Your task:
Using the listing below, set down each line from the line containing "#113=AXIS2_PLACEMENT_3D('',#110,#111,#112);" through the line containing "#122=VERTEX_POINT('',#121);", both ends included, exactly and with nothing added.
::: Material for the task :::
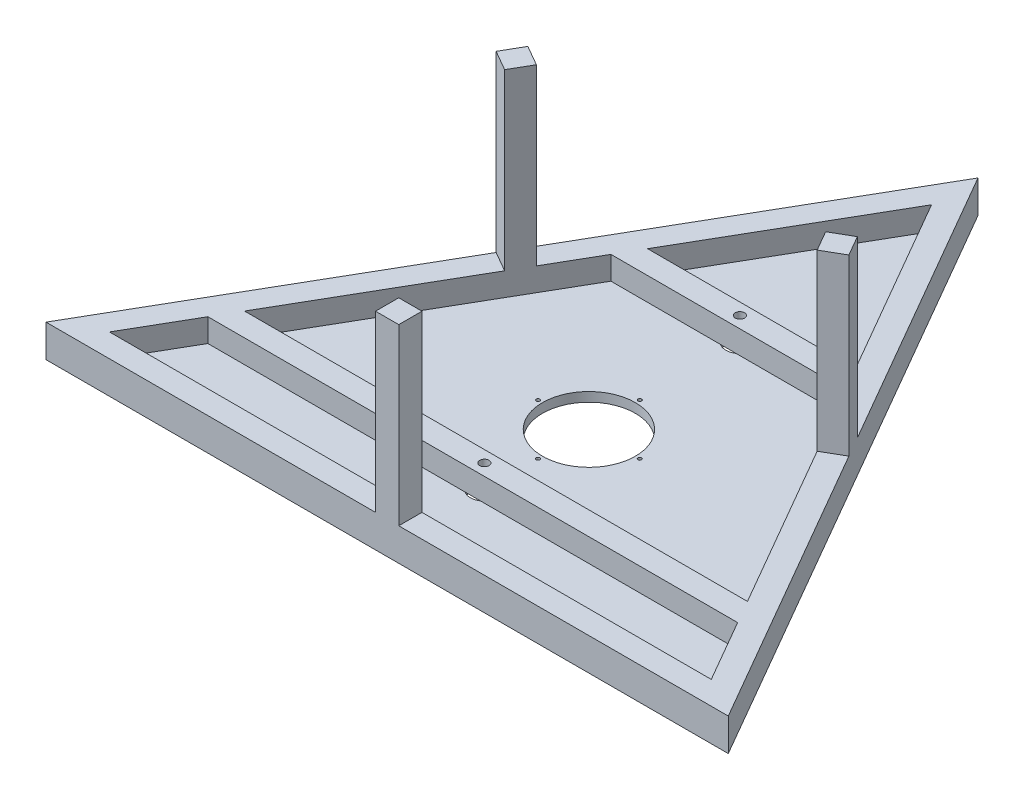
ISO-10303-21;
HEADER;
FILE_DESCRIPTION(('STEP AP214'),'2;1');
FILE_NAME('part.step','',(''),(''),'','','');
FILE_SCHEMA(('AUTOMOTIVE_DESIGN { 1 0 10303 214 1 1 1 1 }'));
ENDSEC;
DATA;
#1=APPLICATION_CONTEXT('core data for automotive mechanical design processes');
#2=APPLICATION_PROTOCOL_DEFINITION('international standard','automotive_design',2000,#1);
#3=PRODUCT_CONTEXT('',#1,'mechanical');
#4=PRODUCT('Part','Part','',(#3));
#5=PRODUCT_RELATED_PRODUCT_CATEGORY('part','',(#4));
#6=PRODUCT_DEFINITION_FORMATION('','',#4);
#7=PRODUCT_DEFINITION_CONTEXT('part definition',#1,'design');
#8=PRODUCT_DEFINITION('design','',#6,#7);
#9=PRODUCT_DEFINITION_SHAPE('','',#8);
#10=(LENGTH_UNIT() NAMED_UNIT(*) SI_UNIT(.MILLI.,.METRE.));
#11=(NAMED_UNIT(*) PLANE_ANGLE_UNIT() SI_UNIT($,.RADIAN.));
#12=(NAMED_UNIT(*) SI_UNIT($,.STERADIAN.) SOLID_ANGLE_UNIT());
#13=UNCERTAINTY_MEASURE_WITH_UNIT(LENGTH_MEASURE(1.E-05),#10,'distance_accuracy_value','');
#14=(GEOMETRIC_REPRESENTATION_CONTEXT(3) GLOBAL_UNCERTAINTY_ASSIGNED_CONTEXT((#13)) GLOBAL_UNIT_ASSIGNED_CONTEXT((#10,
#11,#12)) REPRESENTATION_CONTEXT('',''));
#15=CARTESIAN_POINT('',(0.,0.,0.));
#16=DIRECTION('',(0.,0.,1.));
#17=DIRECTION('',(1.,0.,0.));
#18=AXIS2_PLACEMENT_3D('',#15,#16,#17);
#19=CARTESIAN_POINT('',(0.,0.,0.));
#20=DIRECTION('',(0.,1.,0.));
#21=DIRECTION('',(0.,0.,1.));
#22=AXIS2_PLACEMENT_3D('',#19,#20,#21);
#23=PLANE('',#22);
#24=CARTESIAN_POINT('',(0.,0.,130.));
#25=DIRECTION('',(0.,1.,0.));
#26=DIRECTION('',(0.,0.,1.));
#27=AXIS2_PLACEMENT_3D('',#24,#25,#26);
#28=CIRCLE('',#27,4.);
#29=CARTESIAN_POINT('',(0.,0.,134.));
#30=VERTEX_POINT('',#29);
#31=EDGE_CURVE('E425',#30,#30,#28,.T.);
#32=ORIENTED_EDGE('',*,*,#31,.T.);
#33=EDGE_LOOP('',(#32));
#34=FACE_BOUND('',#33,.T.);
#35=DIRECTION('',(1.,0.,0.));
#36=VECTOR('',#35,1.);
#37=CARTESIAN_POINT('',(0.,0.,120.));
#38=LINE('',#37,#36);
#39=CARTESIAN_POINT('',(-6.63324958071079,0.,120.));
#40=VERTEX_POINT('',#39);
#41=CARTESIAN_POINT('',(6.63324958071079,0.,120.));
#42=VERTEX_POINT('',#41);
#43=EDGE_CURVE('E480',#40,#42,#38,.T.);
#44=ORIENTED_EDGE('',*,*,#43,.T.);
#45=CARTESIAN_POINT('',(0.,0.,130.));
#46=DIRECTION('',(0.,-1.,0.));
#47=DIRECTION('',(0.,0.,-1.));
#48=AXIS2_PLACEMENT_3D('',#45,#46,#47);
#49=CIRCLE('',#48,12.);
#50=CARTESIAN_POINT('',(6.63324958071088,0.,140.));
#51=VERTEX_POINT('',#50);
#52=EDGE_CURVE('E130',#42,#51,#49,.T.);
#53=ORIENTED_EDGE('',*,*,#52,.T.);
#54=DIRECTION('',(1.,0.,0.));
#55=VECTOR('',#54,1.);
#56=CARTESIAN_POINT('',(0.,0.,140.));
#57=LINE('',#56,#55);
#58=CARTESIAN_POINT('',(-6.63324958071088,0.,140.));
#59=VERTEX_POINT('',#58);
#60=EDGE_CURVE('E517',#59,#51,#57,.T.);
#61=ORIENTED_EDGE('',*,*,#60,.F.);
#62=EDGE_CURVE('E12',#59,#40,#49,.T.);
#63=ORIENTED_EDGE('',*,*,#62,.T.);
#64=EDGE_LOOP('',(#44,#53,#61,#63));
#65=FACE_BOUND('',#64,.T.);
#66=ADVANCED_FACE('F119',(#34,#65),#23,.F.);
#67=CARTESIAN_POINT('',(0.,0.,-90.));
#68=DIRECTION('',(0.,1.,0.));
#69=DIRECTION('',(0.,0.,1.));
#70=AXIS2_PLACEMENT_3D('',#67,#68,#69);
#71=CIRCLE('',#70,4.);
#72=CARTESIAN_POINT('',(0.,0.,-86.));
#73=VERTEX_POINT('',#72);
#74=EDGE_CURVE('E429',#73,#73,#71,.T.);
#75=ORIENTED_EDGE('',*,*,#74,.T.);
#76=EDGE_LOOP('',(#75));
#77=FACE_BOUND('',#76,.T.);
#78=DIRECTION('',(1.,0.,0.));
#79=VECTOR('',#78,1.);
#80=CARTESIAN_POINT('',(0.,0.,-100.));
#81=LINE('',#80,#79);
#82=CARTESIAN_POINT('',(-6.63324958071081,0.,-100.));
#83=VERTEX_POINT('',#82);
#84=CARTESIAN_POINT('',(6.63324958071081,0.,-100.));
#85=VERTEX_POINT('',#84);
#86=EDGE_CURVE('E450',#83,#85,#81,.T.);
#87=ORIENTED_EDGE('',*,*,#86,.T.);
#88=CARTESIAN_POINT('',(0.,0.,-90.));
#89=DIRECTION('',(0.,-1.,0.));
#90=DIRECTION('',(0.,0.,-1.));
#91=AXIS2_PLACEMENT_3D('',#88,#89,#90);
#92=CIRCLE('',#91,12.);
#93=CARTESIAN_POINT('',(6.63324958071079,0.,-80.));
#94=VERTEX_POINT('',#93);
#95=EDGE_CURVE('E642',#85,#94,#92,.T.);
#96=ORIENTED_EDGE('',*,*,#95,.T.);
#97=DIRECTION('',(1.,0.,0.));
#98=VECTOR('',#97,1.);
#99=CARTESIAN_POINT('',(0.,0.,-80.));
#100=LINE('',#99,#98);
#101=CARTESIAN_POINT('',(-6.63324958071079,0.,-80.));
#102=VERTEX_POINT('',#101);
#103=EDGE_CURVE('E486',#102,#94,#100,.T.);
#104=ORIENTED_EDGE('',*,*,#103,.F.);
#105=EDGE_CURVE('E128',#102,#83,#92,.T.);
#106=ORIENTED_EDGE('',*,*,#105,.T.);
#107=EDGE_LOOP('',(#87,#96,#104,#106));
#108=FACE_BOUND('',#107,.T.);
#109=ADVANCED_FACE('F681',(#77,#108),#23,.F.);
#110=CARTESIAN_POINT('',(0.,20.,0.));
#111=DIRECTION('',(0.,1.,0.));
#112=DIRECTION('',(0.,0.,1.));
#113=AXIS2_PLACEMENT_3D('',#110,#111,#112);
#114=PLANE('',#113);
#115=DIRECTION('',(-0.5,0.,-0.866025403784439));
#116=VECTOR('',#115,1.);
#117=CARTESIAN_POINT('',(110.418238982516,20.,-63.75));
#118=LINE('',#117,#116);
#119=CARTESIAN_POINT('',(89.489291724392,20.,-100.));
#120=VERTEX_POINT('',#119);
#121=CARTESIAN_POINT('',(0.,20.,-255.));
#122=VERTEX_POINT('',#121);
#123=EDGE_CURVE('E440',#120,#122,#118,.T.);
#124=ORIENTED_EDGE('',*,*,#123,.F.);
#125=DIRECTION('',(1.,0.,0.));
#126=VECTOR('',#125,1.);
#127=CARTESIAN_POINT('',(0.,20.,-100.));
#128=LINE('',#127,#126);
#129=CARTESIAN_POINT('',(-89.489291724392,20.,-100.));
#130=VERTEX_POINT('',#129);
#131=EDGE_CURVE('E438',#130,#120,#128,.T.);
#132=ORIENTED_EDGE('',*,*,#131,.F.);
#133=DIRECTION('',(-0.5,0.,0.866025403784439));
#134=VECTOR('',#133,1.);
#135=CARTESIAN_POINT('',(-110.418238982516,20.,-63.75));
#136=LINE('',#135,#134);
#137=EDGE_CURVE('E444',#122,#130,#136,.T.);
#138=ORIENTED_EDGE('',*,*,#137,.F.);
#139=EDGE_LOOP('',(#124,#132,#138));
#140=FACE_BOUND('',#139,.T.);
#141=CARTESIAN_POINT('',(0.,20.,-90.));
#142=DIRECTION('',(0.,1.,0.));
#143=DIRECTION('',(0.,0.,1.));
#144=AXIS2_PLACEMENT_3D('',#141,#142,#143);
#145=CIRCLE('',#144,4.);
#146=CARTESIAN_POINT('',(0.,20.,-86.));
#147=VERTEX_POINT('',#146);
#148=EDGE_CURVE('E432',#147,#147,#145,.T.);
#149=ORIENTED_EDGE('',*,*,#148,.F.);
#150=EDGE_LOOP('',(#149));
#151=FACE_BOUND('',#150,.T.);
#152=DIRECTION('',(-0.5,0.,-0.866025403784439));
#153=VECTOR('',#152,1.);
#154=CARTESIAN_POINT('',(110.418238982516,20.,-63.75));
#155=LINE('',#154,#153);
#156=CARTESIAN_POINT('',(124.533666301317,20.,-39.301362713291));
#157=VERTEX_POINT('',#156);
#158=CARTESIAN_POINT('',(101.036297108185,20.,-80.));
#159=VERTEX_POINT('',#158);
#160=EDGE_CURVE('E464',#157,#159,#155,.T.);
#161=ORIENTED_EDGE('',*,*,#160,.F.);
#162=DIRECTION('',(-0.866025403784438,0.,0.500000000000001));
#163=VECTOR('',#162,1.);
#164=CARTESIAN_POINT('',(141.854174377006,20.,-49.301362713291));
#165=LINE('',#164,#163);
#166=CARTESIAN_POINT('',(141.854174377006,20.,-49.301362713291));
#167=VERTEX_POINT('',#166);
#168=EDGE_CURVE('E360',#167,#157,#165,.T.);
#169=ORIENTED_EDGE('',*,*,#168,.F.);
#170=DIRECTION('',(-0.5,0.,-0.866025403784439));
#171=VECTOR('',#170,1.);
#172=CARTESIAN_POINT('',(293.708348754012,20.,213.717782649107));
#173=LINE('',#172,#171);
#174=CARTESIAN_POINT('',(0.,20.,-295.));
:::
Finished task:
#113=AXIS2_PLACEMENT_3D('',#110,#111,#112);
#114=PLANE('',#113);
#115=DIRECTION('',(-0.5,0.,-0.866025403784439));
#116=VECTOR('',#115,1.);
#117=CARTESIAN_POINT('',(110.418238982516,20.,-63.75));
#118=LINE('',#117,#116);
#119=CARTESIAN_POINT('',(89.489291724392,20.,-100.));
#120=VERTEX_POINT('',#119);
#121=CARTESIAN_POINT('',(0.,20.,-255.));
#122=VERTEX_POINT('',#121);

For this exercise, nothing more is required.